TREC: APT Tactic / Technique Recognition via Few-Shot Provenance Subgraph Learning

APT (Advanced Persistent Threat) with the characteristics of persistence, stealth, and diversity is one of the greatest threats against cyber-infrastructure. As a countermeasure, existing studies leverage provenance graphs to capture the complex relations between system entities in a host for effective APT detection. In addition to detecting single attack events as most existing work does, understanding the tactics / techniques (e.g., Kill-Chain, ATT&CK) applied to organize and accomplish the APT attack campaign is more important for security operations. Existing studies try to manually design a set of rules to map low-level system events to high-level APT tactics / techniques. However, the rule based methods are coarse-grained and lack generalization ability, thus they can only recognize APT tactics and cannot identify fine-grained APT techniques and mutant APT attacks. In this paper, we propose TREC, the first attempt to recognize APT tactics / techniques from provenance graphs by exploiting deep learning techniques. To address the "needle in a haystack" problem, TREC segments small and compact subgraphs covering individual APT technique instances from a large provenance graph based on a malicious node detection model and a subgraph sampling algorithm. To address the "training sample scarcity" problem, TREC trains the APT tactic / technique recognition model in a few-shot learning manner by adopting a Siamese neural network. We evaluate TREC based on a customized dataset collected and made public by our team. The experiment results show that TREC significantly outperforms state-of-the-art systems in APT tactic recognition and TREC can also effectively identify APT techniques.
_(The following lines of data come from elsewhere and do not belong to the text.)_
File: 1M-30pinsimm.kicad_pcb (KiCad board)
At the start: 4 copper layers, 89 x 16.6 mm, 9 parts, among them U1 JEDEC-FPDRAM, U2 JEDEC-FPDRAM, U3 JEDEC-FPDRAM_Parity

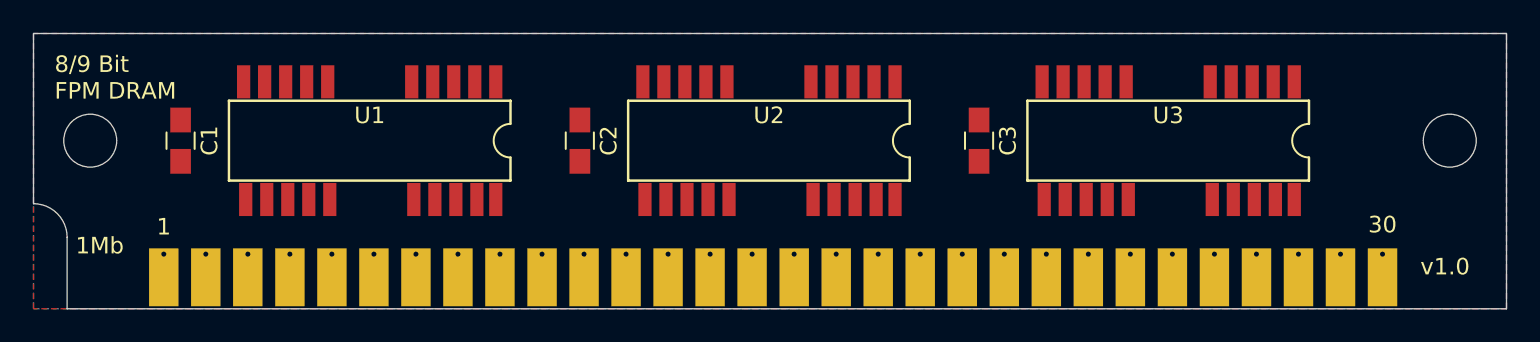
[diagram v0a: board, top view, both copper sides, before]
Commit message: cleaned up tracks
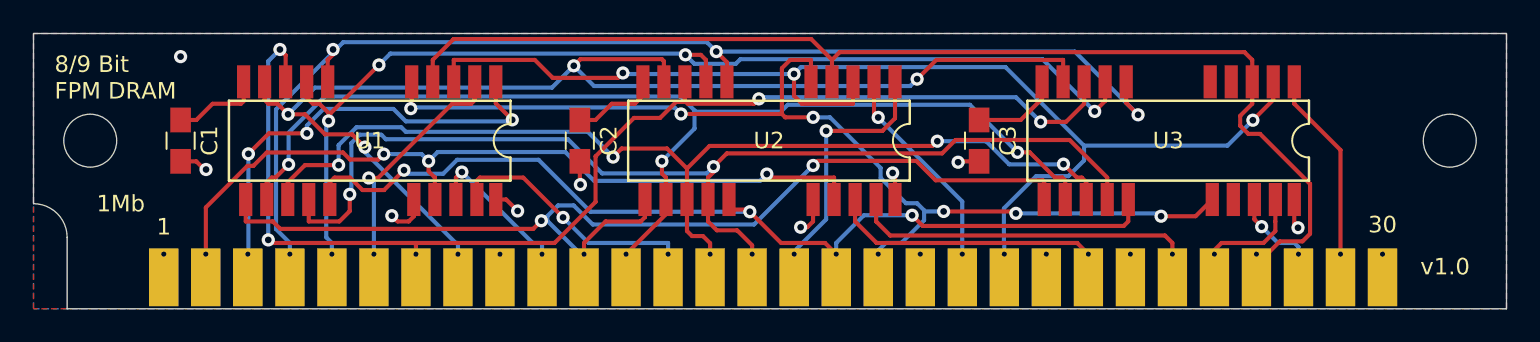
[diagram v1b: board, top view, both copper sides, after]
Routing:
- net A3: track 0.00 -> 74.7 mm, vias 0 -> 4
- net A2: track 0.00 -> 72.9 mm, vias 0 -> 4
- net WE: track 0.00 -> 72.0 mm, vias 0 -> 3
- net A0: track 0.00 -> 71.3 mm, vias 0 -> 3
- net RAS: track 0.00 -> 70.3 mm
- net A5: track 0.00 -> 66.7 mm, vias 0 -> 3
- net A1: track 0.00 -> 65.6 mm, vias 0 -> 4
- net A7: track 0.00 -> 65.4 mm, vias 0 -> 2
- net A9: track 0.00 -> 64.0 mm, vias 0 -> 6
- net A4: track 0.00 -> 63.3 mm, vias 0 -> 2
- net A6: track 0.00 -> 61.8 mm, vias 0 -> 4
- net A8: track 0.00 -> 58.0 mm, vias 0 -> 3
- net CAS: track 0.00 -> 47.7 mm, vias 0 -> 3
- net DQ0: track 0.00 -> 26.5 mm, vias 0 -> 3
- net DQ7: track 0.00 -> 20.4 mm
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
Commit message: Update 1M-30pinsimm.kicad_pcb
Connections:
- C1 pad 1: Net-(C1-Pad1) -> +5V
- C1 pad 2: +5V -> GND
- C2 pad 1: Net-(C2-Pad1) -> +5V
- C2 pad 2: +5V -> GND
- C3 pad 1: Net-(C3-Pad1) -> +5V
- C3 pad 2: +5V -> GND
- U1 pad 13: Net-(C1-Pad1) -> +5V
- U2 pad 13: Net-(C2-Pad1) -> +5V
- U3 pad 13: Net-(C3-Pad1) -> +5V
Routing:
- net +5V: track 4.45 -> 18.7 mm
- net GND: track 9.92 -> 16.0 mm, vias 6 -> 9
- net Net-(C1-Pad1): track 5.45 -> 0.00 mm
- net Net-(C3-Pad1): track 5.36 -> 0.00 mm
- net Net-(C2-Pad1): track 5.26 -> 0.00 mm

翻译：高级持续性威胁（APT）具有持久性、隐蔽性和多样性等特点，是网络基础设施面临的最严重威胁之一。作为应对措施，现有研究利用溯源图捕获主机内系统实体间的复杂关系，以实现有效的APT检测。与多数现有工作仅检测单一攻击事件不同，理解用于组织和实施APT攻击活动的战术/技术（如Kill-Chain、ATT&CK）对安全运营更为重要。现有研究尝试通过人工设计规则集将低层系统事件映射到高层APT战术/技术，但此类基于规则的方法粒度粗糙且泛化能力不足，仅能识别APT战术而无法检测细粒度APT技术及其变种攻击。本文提出TREC，首次尝试通过深度学习技术从溯源图中识别APT战术/技术。针对"大海捞针"问题，TREC基于恶意节点检测模型与子图采样算法，从大型溯源图中分割覆盖独立APT技术实例的紧凑子图。针对"训练样本稀缺"问题，TREC采用孪生神经网络以少样本学习方式训练APT战术/技术识别模型。基于团队收集并公开的自定义数据集评估表明，TREC在APT战术识别上显著优于现有最优系统，并能有效识别APT技术。